- _YOUR OBJECTIVE_
Go through the entries below, tally each line that has the word "radius", and give only the total.

[Dataset records]
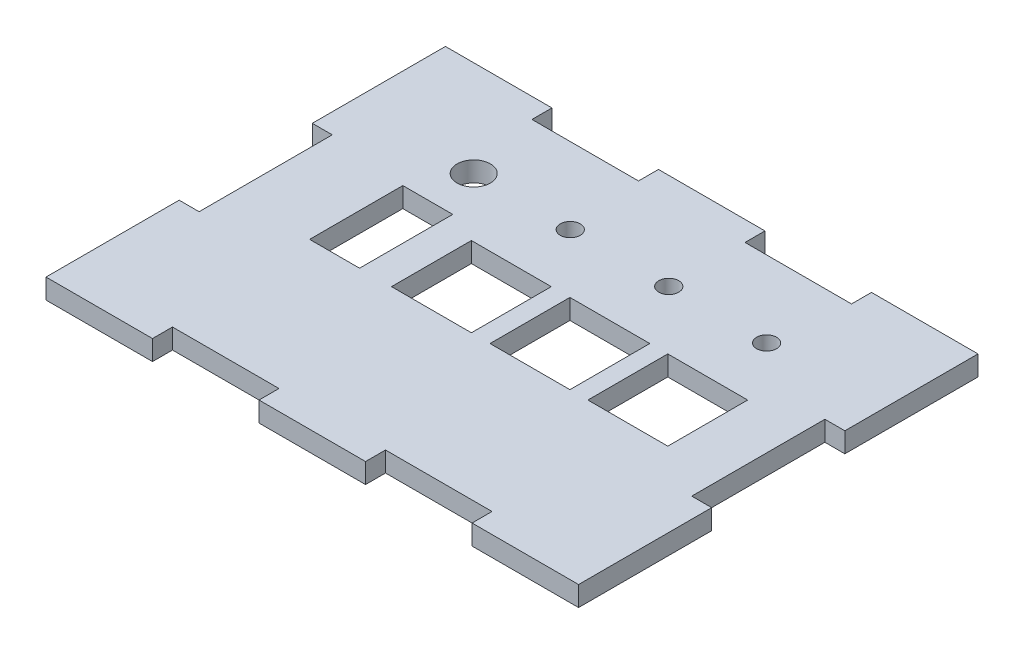
SolidWorks part; units mm, degrees
ref_plane "Front Plane" through (0, 0, 0) normal (0, 0, 1) x (1, 0, 0)
ref_plane "Top Plane" through (0, 0, 0) normal (0, 1, 0) x (1, 0, 0)
ref_plane "Right Plane" through (0, 0, 0) normal (1, 0, 0) x (0, 0, -1)
sketch "Top and Bottom" plane through (0, 0, 0) normal (0, 1, 0) x (1, 0, 0)
  line L0 (32, 60) -> (48, 60)
  line L1 (0, 0) -> (16, 0)
  line L2 (0, 0) -> (0, 20)
  line L3 (0, 60) -> (16, 60)
  line L4 (80, 0) -> (80, 20)
  line L5 (64, 60) -> (80, 60)
  line L6 (16, 60) -> (16, 57)
  line L7 (16, 57) -> (32, 57)
  line L8 (32, 60) -> (32, 57)
  line L9 (42, 36.7) -> (54, 36.7)
  line L10 (48, 60) -> (48, 57)
  line L11 (48, 57) -> (64, 57)
  line L12 (64, 60) -> (64, 57)
  line L13 (27.2, 36.7) -> (39.2, 36.7)
  line L14 (64, 0) -> (64, 3)
  line L15 (48, 3) -> (64, 3)
  line L16 (48, 0) -> (48, 3)
  line L17 (32, 0) -> (32, 3)
  line L18 (16, 0) -> (16, 3)
  line L19 (16, 3) -> (32, 3)
  line L20 (64, 0) -> (80, 0)
  line L21 (32, 0) -> (48, 0)
  line L22 (0, 40) -> (0, 60)
  line L23 (0, 40) -> (3, 40)
  line L24 (80, 40) -> (77, 40)
  line L25 (0, 20) -> (3, 20)
  line L26 (3, 40) -> (3, 20)
  line L27 (77, 40) -> (77, 20)
  line L28 (80, 20) -> (77, 20)
  line L29 (80, 40) -> (80, 60)
  line L30 (27.2, 36.7) -> (27.2, 24.7)
  line L31 (27.2, 24.7) -> (39.2, 24.7)
  line L32 (39.2, 36.7) -> (39.2, 24.7)
  line L33 (42, 36.7) -> (42, 24.7)
  line L34 (42, 24.7) -> (54, 24.7)
  line L35 (54, 36.7) -> (54, 24.7)
  line L36 (56.7, 36.7) -> (68.7, 36.7)
  line L37 (56.7, 36.7) -> (56.7, 24.7)
  line L38 (56.7, 24.7) -> (68.7, 24.7)
  line L39 (68.7, 36.7) -> (68.7, 24.7)
  line L41 (14.9, 38.7) -> (22.4, 38.7)
  line L42 (14.9, 38.7) -> (14.9, 24.7)
  line L43 (14.9, 24.7) -> (22.4, 24.7)
  line L44 (22.4, 38.7) -> (22.4, 24.7)
  circle A0 centre (33.2, 45.55) radius 1.5
  circle A1 centre (48, 45.55) radius 1.5
  circle A2 centre (62.7, 45.55) radius 1.5
  circle A3 centre (18.65, 45.6) radius 2.5
  dimension "D16" = 3
  dimension "D18" = 6
  dimension "D20" = 3
  dimension "D21" = 3
  dimension "D22" = 2.7
  dimension "D28" = 5
  dimension "D29" = 6.9
  dimension "D1" = 60
  dimension "D2" = 80
  dimension "D3" = 3
  dimension "D4" = 16
  dimension "D5" = 16
  dimension "D6" = 16
  dimension "D7" = 3
  dimension "D8" = 16
  dimension "D9" = 12
  dimension "D10" = 3
  dimension "D11" = 20
  dimension "D12" = 20
  dimension "D13" = 12
  dimension "D14" = 20.3
  dimension "D15" = 3
  dimension "D17" = 6
  dimension "D19" = 6
  dimension "D23" = 2.8
  dimension "D24" = 8.3
  dimension "D25" = 7.5
  dimension "D26" = 14
  dimension "D27" = 0
  dimension "D30" = 8.85
  dimension "D31" = 8.85
  dimension "D32" = 3.75
  dimension "D33" = 8.85
  dimension "D34" = 12
  dimension "D35" = 12
  dimension "D36" = 12
  dimension "D37" = 12
  dimension "D38" = 3
  dimension "D39" = 4.8
  dimension "D40" = 20
  dimension "D41" = 20
extrude "Top and Bottom Extruded" add sketch "Top and Bottom" along normal blind 3

- _WRITTEN SOLUTION_
4